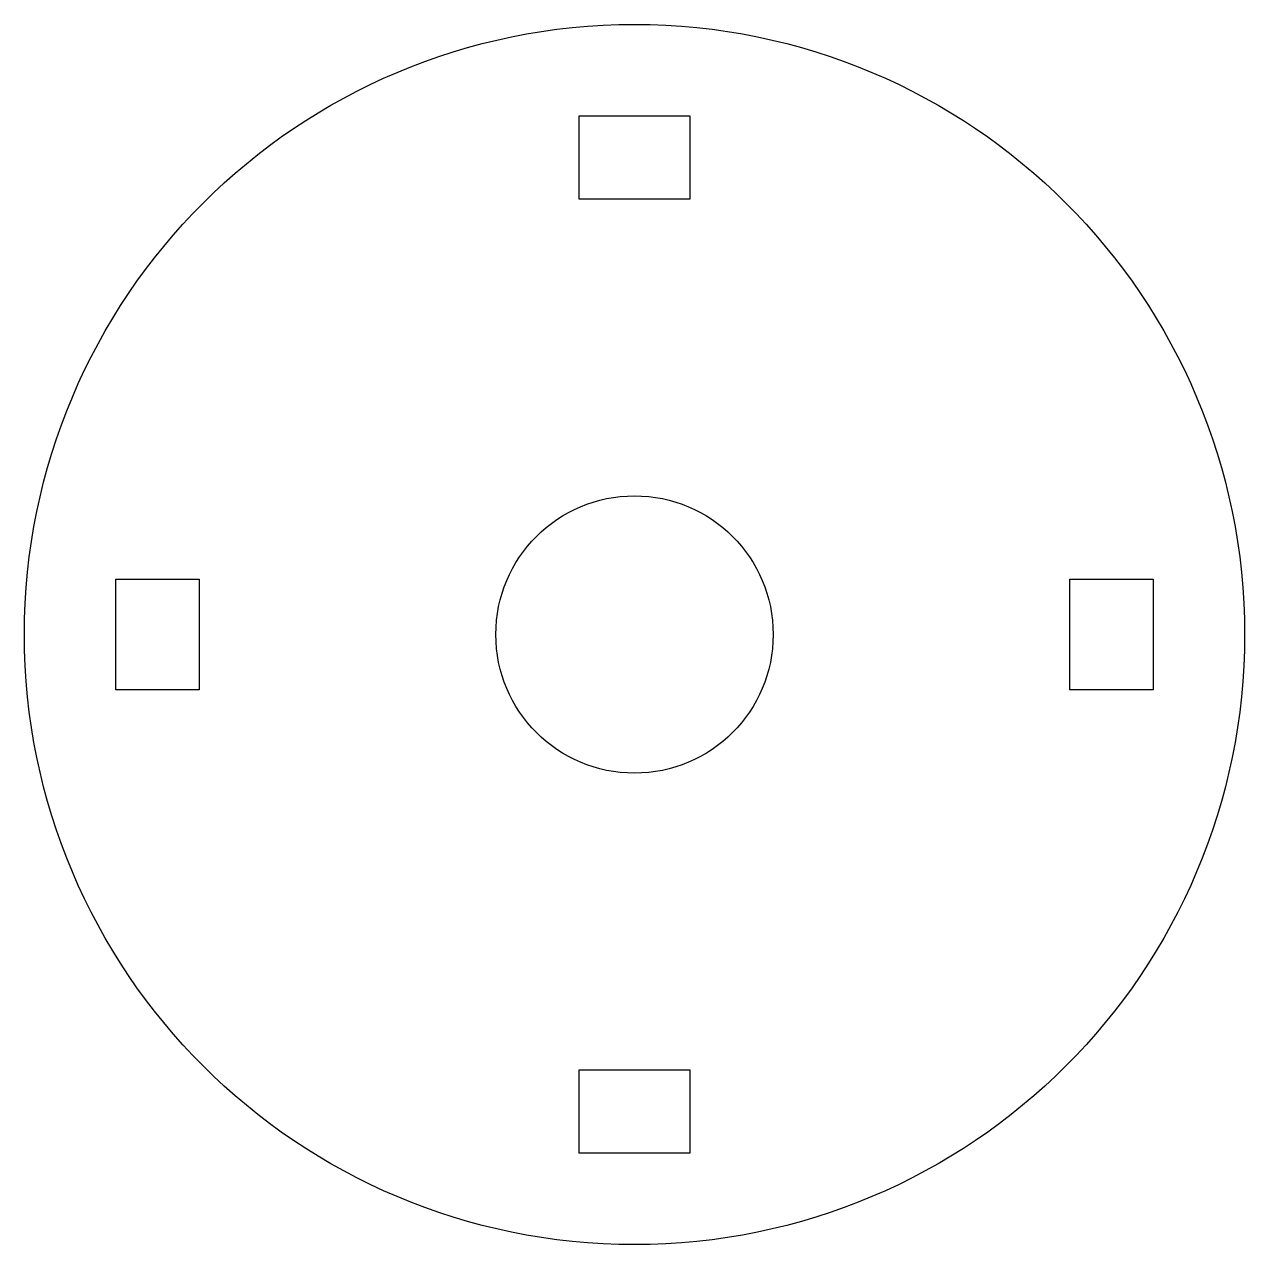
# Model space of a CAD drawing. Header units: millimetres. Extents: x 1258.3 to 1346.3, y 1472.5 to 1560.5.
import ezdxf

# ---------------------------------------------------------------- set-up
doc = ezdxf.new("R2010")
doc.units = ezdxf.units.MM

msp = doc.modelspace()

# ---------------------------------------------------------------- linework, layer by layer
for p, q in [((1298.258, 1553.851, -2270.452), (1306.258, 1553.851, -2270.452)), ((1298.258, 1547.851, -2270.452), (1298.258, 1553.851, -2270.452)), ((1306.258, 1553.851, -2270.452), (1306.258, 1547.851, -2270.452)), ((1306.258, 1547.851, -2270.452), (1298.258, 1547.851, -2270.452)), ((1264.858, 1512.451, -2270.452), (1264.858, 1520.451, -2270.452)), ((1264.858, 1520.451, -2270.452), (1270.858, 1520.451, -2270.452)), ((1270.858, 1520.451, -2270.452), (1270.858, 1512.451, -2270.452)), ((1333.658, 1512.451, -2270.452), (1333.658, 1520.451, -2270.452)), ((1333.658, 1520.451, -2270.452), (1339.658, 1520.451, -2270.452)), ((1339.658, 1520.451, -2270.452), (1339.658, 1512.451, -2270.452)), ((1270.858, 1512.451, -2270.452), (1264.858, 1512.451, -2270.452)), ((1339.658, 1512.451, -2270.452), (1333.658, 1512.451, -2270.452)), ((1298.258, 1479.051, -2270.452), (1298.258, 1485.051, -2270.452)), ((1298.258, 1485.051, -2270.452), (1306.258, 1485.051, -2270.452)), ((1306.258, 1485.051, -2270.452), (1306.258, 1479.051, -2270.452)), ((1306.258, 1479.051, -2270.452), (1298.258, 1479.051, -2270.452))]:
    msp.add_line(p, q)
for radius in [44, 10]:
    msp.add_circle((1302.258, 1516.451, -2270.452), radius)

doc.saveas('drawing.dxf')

* * *

WORK TO COMPLETE
Every line containing the string "ezdxf" is required; copy each such line from the data.

RESULT OF THIS TASK
import ezdxf
doc = ezdxf.new("R2010")
doc.units = ezdxf.units.MM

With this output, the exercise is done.